The integration pattern appears to be synchronous, with the LLM invoked in the request path, which could introduce latency and availability concerns. The hedging and shuffle sharding patterns apply to the OpenSearch layer but it’s unclear whether similar resilience patterns protect the LLM invocation. Additionally, there is no discussion of data privacy considerations: what customer data is sent to the LLM, how is it sanitized, and what audit trails exist?

Despite these gaps in the presentation, the fundamental approach is sound. Using LLMs for query translation to structured databases is a well-established pattern with relatively low risk compared to generative use cases. The strong foundational architecture with cell-based design, advanced resilience patterns, and OpenSearch as a flexible search layer provides a robust platform for the AI features. The fact that the system validates LLM outputs by executing them against a database creates an inherent safety mechanism—invalid queries will fail safely rather than producing incorrect results.

Future Direction

The bank is actively working toward a conversational banking experience, recognizing that customer habits continue evolving. Building on Itaú Intelligence and the intelligent search foundation, they are developing natural dialogue and voice command capabilities as the next frontier. They are currently rolling out intelligent search to all customers and building conversational dialogue capabilities within bank statements. The complete mainframe migration is targeted for completion by the following year.

The progression is logical: traditional search to complex filtering with OpenSearch, to intelligent search with natural language processing, to conversational banking with multi-turn dialogue. Each phase builds on the previous infrastructure while expanding AI capabilities. This staged approach allows the bank to learn operational lessons at each level before adding complexity.
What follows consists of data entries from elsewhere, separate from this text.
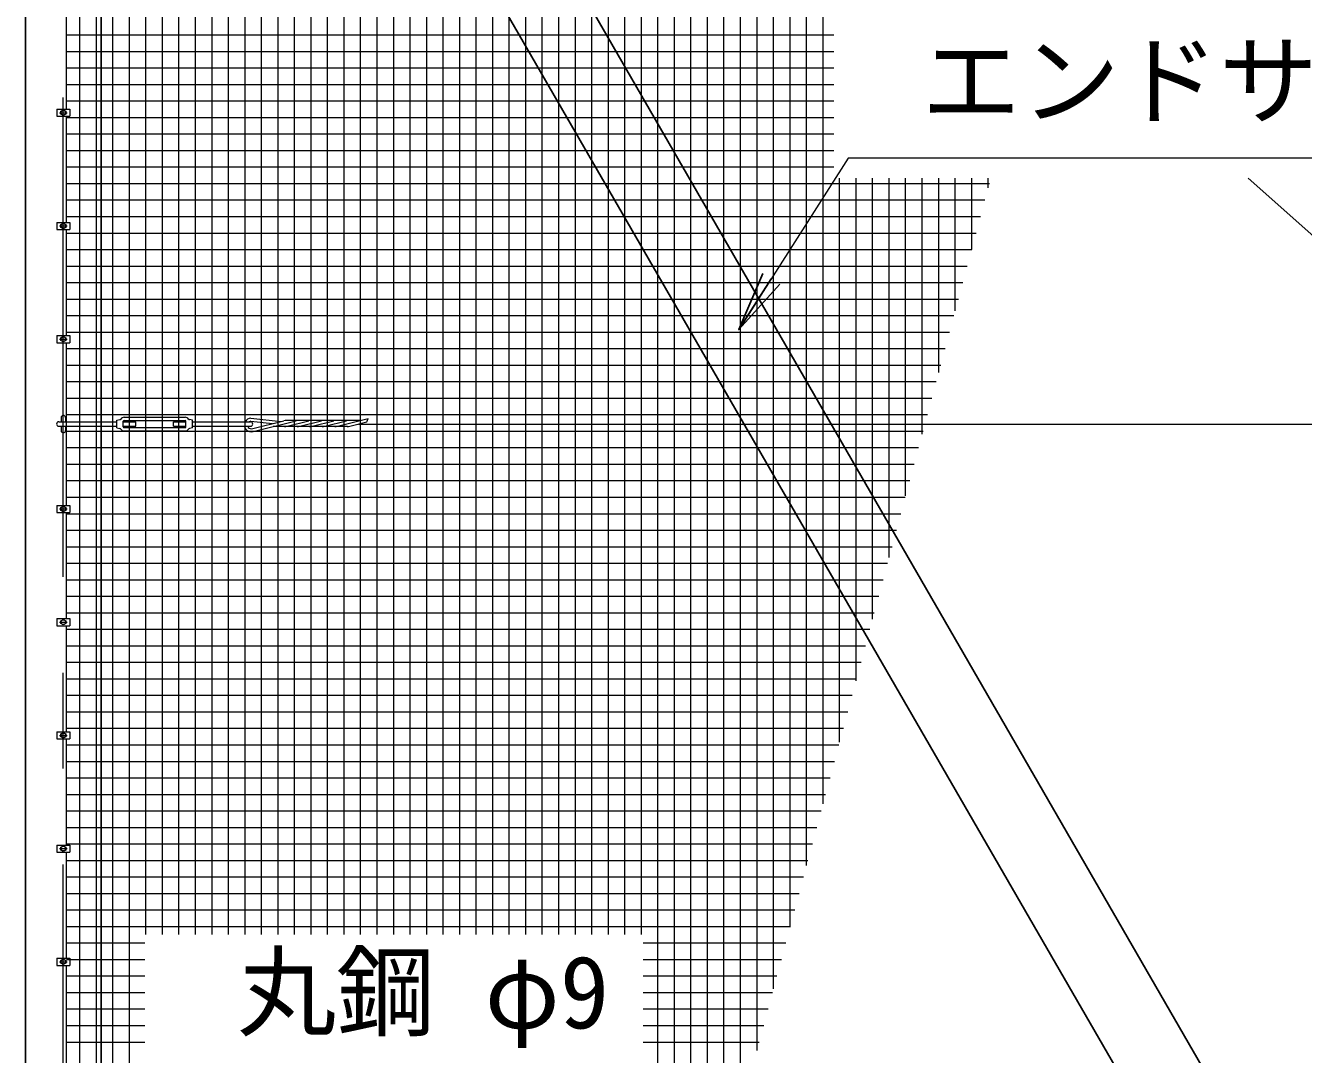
# Model space of a CAD drawing. Units: millimetres, scale not verified. Extents: x -16800 to 16800, y -11880 to 11880.
# Drawn here: x -12170 to -8785, y 1237 to 3963 of the extents above; entities that cross this region are included whole.
import ezdxf
from ezdxf.enums import TextEntityAlignment as Align

# ---------------------------------------------------------------- set-up
doc = ezdxf.new("R2010")
doc.units = ezdxf.units.MM
doc.header["$LTSCALE"] = 40
doc.linetypes.add('USER1', pattern=[50.8, 31.75, -6.35, 6.35, -6.35])
for name, color, linetype, lineweight in [('0-1_D-STR1', 1, 'Continuous', 25), ('0-2_D-BMK', 2, 'USER1', 13), ('0-3_D-STR3', 3, 'Continuous', 13), ('0-7_D-STR-TXT', 7, 'Continuous', 13), ('0-9_D-STR2', 7, 'Continuous', 13)]:
    doc.layers.add(name, color=color, linetype=linetype, lineweight=lineweight)
doc.layers.add('0-5_0', color=7, linetype='Continuous')
doc.styles.add('ＭＳ ゴシック', font='')
doc.styles.get('ＭＳ ゴシック').set_extended_font_data('MS Gothic')

# ---------------------------------------------------------------- blocks, each defined once
blk = doc.blocks.new('_Open')
at = {"layer": '0-5_0'}
blk.add_line((-40, 6.67), (0, 0), dxfattribs=at)
blk.add_lwpolyline([(-40, -6.67), (0, 0), (-40, 0)], dxfattribs=at)

msp = doc.modelspace()

# ---------------------------------------------------------------- linework, layer by layer
at = {"layer": '0-1_D-STR1'}
for p, q in [((-11778.48, 5925.82), (-6984.08, -2378.32)), ((-11905.6, 5746.01), (-7184.08, -2431.91)), ((-11970.08, -3542.48), (-11970.08, 5713.77))]:
    msp.add_line(p, q, dxfattribs=at)
msp.add_lwpolyline([(-11970.08, 6457.52), (-12170.08, 6457.52), (-12170.08, -3542.48)], dxfattribs=at)
at = {"layer": '0-2_D-BMK'}
for p, q in [((-12070.08, -3593.48), (-12070.08, 6508.52)), ((-12080.08, 3732.52), (-12060.08, 3732.52)), ((-12080.08, 3432.52), (-12060.08, 3432.52)), ((-12080.08, 3132.52), (-12060.08, 3132.52)), ((-12080.08, 2682.52), (-12060.08, 2682.52)), ((-12080.08, 2382.52), (-12060.08, 2382.52)), ((-12080.08, 2082.52), (-12060.08, 2082.52)), ((-12080.08, 1782.52), (-12060.08, 1782.52)), ((-12080.08, 1482.52), (-12060.08, 1482.52))]:
    msp.add_line(p, q, dxfattribs=at)
at = {"layer": '0-3_D-STR3'}
for p, q in [((-12061.58, 3742.02), (-12061.58, 4023.02)), ((-12087.28, 3742.02), (-12052.88, 3742.02)), ((-12087.28, 3742.02), (-12087.28, 3723.02)), ((-12076.58, 3736.27), (-12070.08, 3740.03)), ((-12076.58, 3728.77), (-12076.58, 3736.27)), ((-12070.08, 3725.02), (-12076.58, 3728.77)), ((-12070.08, 3740.03), (-12063.58, 3736.27)), ((-12063.58, 3728.77), (-12070.08, 3725.02)), ((-12063.58, 3736.27), (-12063.58, 3728.77)), ((-12052.88, 3742.02), (-12052.88, 3723.02)), ((-12087.28, 3723.02), (-12052.88, 3723.02)), ((-12061.58, 3442.02), (-12061.58, 3723.02)), ((-8931.6, 3558.75), (-2422.77, -2208.26)), ((-12087.28, 3442.02), (-12052.88, 3442.02)), ((-12087.28, 3442.02), (-12087.28, 3423.02)), ((-12087.28, 3423.02), (-12052.88, 3423.02)), ((-12076.58, 3436.27), (-12070.08, 3440.03)), ((-12076.58, 3428.77), (-12076.58, 3436.27)), ((-12070.08, 3425.02), (-12076.58, 3428.77)), ((-12070.08, 3440.03), (-12063.58, 3436.27)), ((-12063.58, 3428.77), (-12070.08, 3425.02)), ((-12063.58, 3436.27), (-12063.58, 3428.77)), ((-12061.58, 3142.02), (-12061.58, 3423.02)), ((-12052.88, 3442.02), (-12052.88, 3423.02)), ((-12087.28, 3142.02), (-12052.88, 3142.02)), ((-12087.28, 3142.02), (-12087.28, 3123.02)), ((-12087.28, 3123.02), (-12052.88, 3123.02)), ((-12076.58, 3136.27), (-12070.08, 3140.03)), ((-12076.58, 3128.77), (-12076.58, 3136.27)), ((-12070.08, 3125.02), (-12076.58, 3128.77)), ((-12070.08, 3140.03), (-12063.58, 3136.27)), ((-12063.58, 3128.77), (-12070.08, 3125.02)), ((-12063.58, 3136.27), (-12063.58, 3128.77)), ((-12061.58, 2692.02), (-12061.58, 3123.02)), ((-12052.88, 3142.02), (-12052.88, 3123.02)), ((-12082.08, 2913.52), (-11928.08, 2913.52)), ((-12076.08, 2924.52), (-12076.08, 2913.52)), ((-12064.08, 2924.52), (-12064.08, 2913.52)), ((-11928.08, 2917.52), (-11920.28, 2919.19)), ((-11928.08, 2897.52), (-11928.08, 2917.52)), ((-11911.08, 2900.02), (-11911.08, 2915.02)), ((-11911.08, 2913.52), (-11878.08, 2913.52)), ((-11909.08, 2925.52), (-11747.08, 2925.52)), ((-11909.08, 2917.02), (-11747.08, 2917.02)), ((-11778.08, 2901.52), (-11778.08, 2913.52)), ((-11778.08, 2913.52), (-11745.08, 2913.52)), ((-11745.08, 2900.02), (-11745.08, 2915.02)), ((-11728.08, 2913.52), (-11574.08, 2913.52)), ((-11573.22, 2914.88), (-11515.55, 2908.89)), ((-11573.01, 2922.9), (-11492.68, 2914.56)), ((-11571.82, 2894.94), (-11486.16, 2916.18)), ((-11570.58, 2887), (-11452.92, 2916.18)), ((-11283.17, 2917.06), (-11478.94, 2917.06)), ((-11476.93, 2901.98), (-11419.68, 2916.18)), ((-11443.7, 2901.98), (-11386.44, 2916.18)), ((-11410.46, 2901.98), (-11353.2, 2916.18)), ((-11377.22, 2901.98), (-11319.96, 2916.18)), ((-11343.98, 2901.98), (-11262.16, 2922.27)), ((-11310.74, 2901.98), (-11266.06, 2913.06)), ((-12082.08, 2901.52), (-11928.08, 2901.52)), ((-12076.08, 2901.52), (-12076.08, 2890.52)), ((-12064.08, 2901.52), (-12064.08, 2890.52)), ((-11928.08, 2897.52), (-11920.28, 2895.85)), ((-11909.08, 2898.02), (-11747.08, 2898.02)), ((-11909.08, 2889.52), (-11747.08, 2889.52)), ((-11778.08, 2901.52), (-11745.08, 2901.52)), ((-11728.08, 2897.52), (-11735.89, 2895.85)), ((-11728.08, 2901.52), (-11574.08, 2901.52)), ((-11317.02, 2901.1), (-11513.73, 2901.1)), ((-11288.4, 2907.52), (729.92, 2907.52)), ((-12087.28, 2692.02), (-12052.88, 2692.02)), ((-12087.28, 2692.02), (-12087.28, 2673.02)), ((-12076.58, 2686.27), (-12070.08, 2690.03)), ((-12076.58, 2678.77), (-12076.58, 2686.27)), ((-12070.08, 2675.02), (-12076.58, 2678.77)), ((-12070.08, 2690.03), (-12063.58, 2686.27)), ((-12063.58, 2678.77), (-12070.08, 2675.02)), ((-12063.58, 2686.27), (-12063.58, 2678.77)), ((-12052.88, 2692.02), (-12052.88, 2673.02)), ((-12087.28, 2673.02), (-12052.88, 2673.02)), ((-12061.58, 2392.02), (-12061.58, 2673.02)), ((-12087.28, 2392.02), (-12052.88, 2392.02)), ((-12087.28, 2392.02), (-12087.28, 2373.02)), ((-12087.28, 2373.02), (-12052.88, 2373.02)), ((-12076.58, 2386.27), (-12070.08, 2390.03)), ((-12076.58, 2378.77), (-12076.58, 2386.27)), ((-12070.08, 2375.02), (-12076.58, 2378.77)), ((-12070.08, 2390.03), (-12063.58, 2386.27)), ((-12063.58, 2378.77), (-12070.08, 2375.02)), ((-12063.58, 2386.27), (-12063.58, 2378.77)), ((-12061.58, 2092.02), (-12061.58, 2373.02)), ((-12052.88, 2392.02), (-12052.88, 2373.02)), ((-12087.28, 2092.02), (-12052.88, 2092.02)), ((-12087.28, 2092.02), (-12087.28, 2073.02)), ((-12087.28, 2073.02), (-12052.88, 2073.02)), ((-12076.58, 2086.27), (-12070.08, 2090.03)), ((-12076.58, 2078.77), (-12076.58, 2086.27)), ((-12070.08, 2075.02), (-12076.58, 2078.77)), ((-12070.08, 2090.03), (-12063.58, 2086.27)), ((-12063.58, 2078.77), (-12070.08, 2075.02)), ((-12063.58, 2086.27), (-12063.58, 2078.77)), ((-12061.58, 1792.02), (-12061.58, 2073.02)), ((-12052.88, 2092.02), (-12052.88, 2073.02)), ((-12087.28, 1792.02), (-12052.88, 1792.02)), ((-12087.28, 1792.02), (-12087.28, 1773.02)), ((-12087.28, 1773.02), (-12052.88, 1773.02)), ((-12076.58, 1786.27), (-12070.08, 1790.03)), ((-12076.58, 1778.77), (-12076.58, 1786.27)), ((-12070.08, 1775.02), (-12076.58, 1778.77)), ((-12070.08, 1790.03), (-12063.58, 1786.27)), ((-12063.58, 1778.77), (-12070.08, 1775.02)), ((-12063.58, 1786.27), (-12063.58, 1778.77)), ((-12061.58, 1492.02), (-12061.58, 1773.02)), ((-12052.88, 1792.02), (-12052.88, 1773.02)), ((-12087.28, 1492.02), (-12052.88, 1492.02)), ((-12087.28, 1492.02), (-12087.28, 1473.02)), ((-12076.58, 1486.27), (-12070.08, 1490.03)), ((-12070.08, 1490.03), (-12063.58, 1486.27)), ((-12052.88, 1492.02), (-12052.88, 1473.02)), ((-12087.28, 1473.02), (-12052.88, 1473.02)), ((-12076.58, 1478.77), (-12076.58, 1486.27)), ((-12070.08, 1475.02), (-12076.58, 1478.77)), ((-12063.58, 1478.77), (-12070.08, 1475.02)), ((-12063.58, 1486.27), (-12063.58, 1478.77)), ((-12061.58, 1192.02), (-12061.58, 1473.02))]:
    msp.add_line(p, q, dxfattribs=at)
for points in [[(-11911.08, 2901.52), (-11878.08, 2901.52), (-11878.08, 2913.52)], [(-11728.08, 2897.52), (-11728.08, 2917.52), (-11735.89, 2919.19)]]:
    msp.add_lwpolyline(points, dxfattribs=at)
for centre in [(-12070.08, 3732.52), (-12070.08, 3432.52), (-12070.08, 3132.52), (-12070.08, 2682.52), (-12070.08, 2382.52), (-12070.08, 2082.52), (-12070.08, 1782.52), (-12070.08, 1482.52)]:
    msp.add_circle(centre, 6.25, dxfattribs=at)
for centre, radius, start, end in [((-12082.08, 2907.52), 6, 90, 270), ((-12070.08, 2924.52), 6, 0, 180), ((-11921.12, 2923.11), 4, 282.09925, 326.11888), ((-11909.08, 2915.02), 10.5, 90, 146.11888), ((-11909.08, 2915.02), 2, 90, 180), ((-11747.08, 2915.02), 10.5, 33.88112, 90), ((-11747.08, 2915.02), 2, 0, 90), ((-11735.05, 2923.11), 4, 213.88112, 257.90075), ((-11572.21, 2904.93), 18, 92.82496, 151.48944), ((-11572.21, 2904.93), 10, 95.82544, 120.77566), ((-11574.08, 2907.52), 6, 270, 90), ((-11478.94, 2887.06), 30, 90, 103.92636), ((-11445.7, 2887.06), 30, 90, 103.92636), ((-11412.46, 2887.06), 30, 90, 103.92636), ((-11379.22, 2887.06), 30, 90, 103.92636), ((-11345.98, 2887.06), 30, 90, 103.92636), ((-11312.74, 2887.06), 30, 90, 103.92636), ((-11329.42, 2945.32), 71.11, 333.02173, 341.08588), ((-12070.08, 2890.52), 6, 180, 0), ((-11921.12, 2891.94), 4, 33.88112, 77.90075), ((-11909.08, 2900.02), 10.5, 213.88112, 270), ((-11909.08, 2900.02), 2, 180, 270), ((-11747.08, 2900.02), 2, 270, 0), ((-11747.08, 2900.02), 10.5, 270, 326.11888), ((-11735.05, 2891.94), 4, 102.09925, 146.11888), ((-11572.21, 2904.93), 18, 191.63319, 275.17572), ((-11572.21, 2904.93), 10, 199.92759, 272.18972), ((-11484.16, 2931.1), 30, 270, 283.92645), ((-11450.92, 2931.1), 30, 270, 283.92645), ((-11417.68, 2931.1), 30, 270, 283.92645), ((-11384.44, 2931.1), 30, 270, 283.92645), ((-11351.2, 2931.1), 30, 270, 283.92645), ((-11317.96, 2931.1), 30, 270, 283.92645)]:
    msp.add_arc(centre, radius, start, end, dxfattribs=at)
at = {"layer": '0-7_D-STR-TXT'}
msp.add_lwpolyline([(-6172.64, 3612.04), (-9990.55, 3612.04), (-10279.6, 3159.34)], dxfattribs=at)
at = {"layer": '0-9_D-STR2'}
for p, q in [((-12026.1, -2548.22), (-12026.1, 6357.52)), ((-11982.35, -2547.89), (-11982.35, 6357.52)), ((-11938.6, -2547.57), (-11938.6, 6357.52)), ((-11894.85, -2547.25), (-11894.85, 6357.52)), ((-11851.1, 1555.04), (-11851.1, 6357.52)), ((-11807.35, 1555.04), (-11807.35, 6357.52)), ((-11763.6, 1555.04), (-11763.6, 6357.52)), ((-11719.85, 1555.04), (-11719.85, 6357.52)), ((-11676.1, 1555.04), (-11676.1, 6357.52)), ((-11632.35, 1555.04), (-11632.35, 6357.52)), ((-11588.6, 1555.04), (-11588.6, 6357.52)), ((-11544.85, 1555.04), (-11544.85, 6357.52)), ((-11501.1, 1555.04), (-11501.1, 6357.52)), ((-11457.35, 1555.04), (-11457.35, 6357.52)), ((-11413.6, 1555.04), (-11413.6, 6357.52)), ((-11369.85, 1555.04), (-11369.85, 6357.52)), ((-11326.1, 1555.04), (-11326.1, 6357.52)), ((-11282.35, 1555.04), (-11282.35, 6357.52)), ((-11238.6, 1555.04), (-11238.6, 6357.52)), ((-11194.85, 1555.04), (-11194.85, 6357.52)), ((-11151.1, 1555.04), (-11151.1, 6357.52)), ((-11107.35, 1555.04), (-11107.35, 6357.52)), ((-11063.6, 1555.04), (-11063.6, 6357.52)), ((-11019.85, 1555.04), (-11019.85, 6357.52)), ((-10976.1, 1555.04), (-10976.1, 6357.52)), ((-10932.35, 1555.04), (-10932.35, 6357.52)), ((-10888.6, 1555.04), (-10888.6, 6357.52)), ((-10844.85, 1555.04), (-10844.85, 6357.52)), ((-10801.1, 1555.04), (-10801.1, 6357.52)), ((-10757.35, 1555.04), (-10757.35, 6357.52)), ((-10713.6, 1555.04), (-10713.6, 6357.52)), ((-10669.85, 1555.04), (-10669.85, 6357.52)), ((-10626.1, 1555.04), (-10626.1, 6357.52)), ((-10582.35, 1555.04), (-10582.35, 6357.52)), ((-10538.6, 1555.04), (-10538.6, 6357.52)), ((-10494.85, 268.17), (-10494.85, 6357.52)), ((-10451.1, 431.45), (-10451.1, 6357.52)), ((-10407.35, 594.72), (-10407.35, 6357.52)), ((-10363.6, 758), (-10363.6, 6357.52)), ((-10319.85, 921.28), (-10319.85, 6357.52)), ((-10276.1, 1084.55), (-10276.1, 6357.52)), ((-10232.35, 1247.83), (-10232.35, 6357.52)), ((-10188.6, 1411.11), (-10188.6, 6357.52)), ((-10144.85, 1574.39), (-10144.85, 6357.52)), ((-10101.1, 1737.66), (-10101.1, 6357.52)), ((-10057.35, 1900.94), (-10057.35, 6357.52)), ((-12061.58, 3938.75), (-10028.64, 3938.75)), ((-12061.58, 3895), (-10028.64, 3895)), ((-12061.58, 3851.25), (-10028.64, 3851.25)), ((-12061.58, 3807.5), (-10028.64, 3807.5)), ((-12061.58, 3763.75), (-10028.64, 3763.75)), ((-12061.58, 3720), (-10028.64, 3720)), ((-12061.58, 3676.25), (-10028.64, 3676.25)), ((-12061.58, 3632.5), (-10028.64, 3632.5)), ((-12061.58, 3588.75), (-10028.64, 3588.75)), ((-10013.6, 2064.22), (-10013.6, 3558.75)), ((-9969.85, 2227.49), (-9969.85, 3558.75)), ((-9926.1, 2390.77), (-9926.1, 3558.75)), ((-9882.35, 2554.05), (-9882.35, 3558.75)), ((-9838.6, 2717.33), (-9838.6, 3558.75)), ((-9794.85, 2880.6), (-9794.85, 3558.75)), ((-9751.1, 3043.88), (-9751.1, 3558.75)), ((-9707.35, 3207.16), (-9707.35, 3558.75)), ((-9663.6, 3370.44), (-9663.6, 3558.75)), ((-9619.85, 3533.71), (-9619.85, 3558.75)), ((-12061.58, 3545), (-9616.83, 3545)), ((-12061.58, 3501.25), (-9628.55, 3501.25)), ((-12061.58, 3457.5), (-9640.28, 3457.5)), ((-12061.58, 3413.75), (-9652, 3413.75)), ((-12061.58, 3370), (-9663.72, 3370)), ((-12061.58, 3326.25), (-9675.44, 3326.25)), ((-12061.58, 3282.5), (-9687.17, 3282.5)), ((-12061.58, 3238.75), (-9698.89, 3238.75)), ((-12061.58, 3195), (-9710.61, 3195)), ((-12061.58, 3151.25), (-9722.33, 3151.25)), ((-12061.58, 3107.5), (-9734.06, 3107.5)), ((-12061.58, 3063.75), (-9745.78, 3063.75)), ((-12061.58, 3020), (-9757.5, 3020)), ((-12061.58, 2976.25), (-9769.23, 2976.25)), ((-12061.58, 2932.5), (-9780.95, 2932.5)), ((-12061.58, 2888.75), (-9792.67, 2888.75)), ((-12061.58, 2845), (-9804.39, 2845)), ((-12061.58, 2801.25), (-9816.12, 2801.25)), ((-12061.58, 2757.5), (-9827.84, 2757.5)), ((-12061.58, 2713.75), (-9839.56, 2713.75)), ((-12061.58, 2670), (-9851.29, 2670)), ((-12061.58, 2626.25), (-9863.01, 2626.25)), ((-12061.58, 2582.5), (-9874.73, 2582.5)), ((-12061.58, 2538.75), (-9886.45, 2538.75)), ((-12061.58, 2495), (-9898.18, 2495)), ((-12061.58, 2451.25), (-9909.9, 2451.25)), ((-12061.58, 2407.5), (-9921.62, 2407.5)), ((-12061.58, 2363.75), (-9933.34, 2363.75)), ((-12061.58, 2320), (-9945.07, 2320)), ((-12061.58, 2276.25), (-9956.79, 2276.25)), ((-12061.58, 2232.5), (-9968.51, 2232.5)), ((-12061.58, 2188.75), (-9980.24, 2188.75)), ((-12061.58, 2145), (-9991.96, 2145)), ((-12061.58, 2101.25), (-10003.68, 2101.25)), ((-12061.58, 2057.5), (-10015.4, 2057.5)), ((-12061.58, 2013.75), (-10027.13, 2013.75)), ((-12061.58, 1970), (-10038.85, 1970)), ((-12061.58, 1926.25), (-10050.57, 1926.25)), ((-12061.58, 1882.5), (-10062.3, 1882.5)), ((-12061.58, 1838.75), (-10074.02, 1838.75)), ((-12061.58, 1795), (-10085.74, 1795)), ((-12061.58, 1751.25), (-10097.46, 1751.25)), ((-12061.58, 1707.5), (-10109.19, 1707.5)), ((-12061.58, 1663.75), (-10120.91, 1663.75)), ((-12061.58, 1620), (-10132.63, 1620)), ((-12061.58, 1576.25), (-10144.35, 1576.25)), ((-12061.58, 1532.5), (-11854.35, 1532.5)), ((-10533.54, 1532.5), (-10156.08, 1532.5)), ((-12061.58, 1488.75), (-11854.35, 1488.75)), ((-10533.54, 1488.75), (-10167.8, 1488.75)), ((-12061.58, 1445), (-11854.35, 1445)), ((-10533.54, 1445), (-10179.52, 1445)), ((-12061.58, 1401.25), (-11854.35, 1401.25)), ((-10533.54, 1401.25), (-10191.25, 1401.25)), ((-12061.58, 1357.5), (-11854.35, 1357.5)), ((-10533.54, 1357.5), (-10202.97, 1357.5)), ((-12061.58, 1313.75), (-11854.35, 1313.75)), ((-10533.54, 1313.75), (-10214.69, 1313.75)), ((-12061.58, 1270), (-11854.35, 1270)), ((-10533.54, 1270), (-10226.41, 1270))]:
    msp.add_line(p, q, dxfattribs=at)

# ---------------------------------------------------------------- block references
at = {"layer": '0-7_D-STR-TXT', "xscale": 4, "yscale": 4, "rotation": 237.44185}
msp.add_blockref('_Open', (-10280.67, 3157.66), dxfattribs=at)

# ---------------------------------------------------------------- texts
at = {"layer": '0-7_D-STR-TXT', "style": 'ＭＳ ゴシック'}
for s, p in [('エンドサポート □200x200x6.0', (-9795.99, 3663.91)), ('丸鋼 φ9', (-11609.52, 1248.54))]:
    msp.add_text(s, height=192.4, dxfattribs=at).set_placement(p, align=Align.BOTTOM_LEFT)

doc.saveas('drawing.dxf')

Lessons Learned and Critical Success Factors

The presenters emphasized that modernization is a journey, not a one-time event, requiring continuous evolution of performance optimization, scalability improvements, security strengthening, and new feature development. The strong architectural foundation with cell-based design and resilience patterns proved crucial for enabling simple implementation of innovative features like intelligent search. Cross-functional governance with alignment between business stakeholders, architecture teams, and engineering teams was identified as crucial for project success.

From an LLMOps maturity perspective, Itaú appears to be in a relatively early stage of their AI journey, focusing on well-defined, lower-risk use cases before expanding to more complex applications. The intelligent search represents a pragmatic entry point for LLMs in production banking, delivering measurable value while maintaining appropriate risk controls. As they move toward conversational banking, the LLMOps challenges will increase significantly, requiring more sophisticated approaches to prompt management, evaluation, safety controls, and monitoring. The strong platform foundation positions them well for this evolution, but success will depend on developing the operational practices and tooling to manage more complex LLM applications at scale.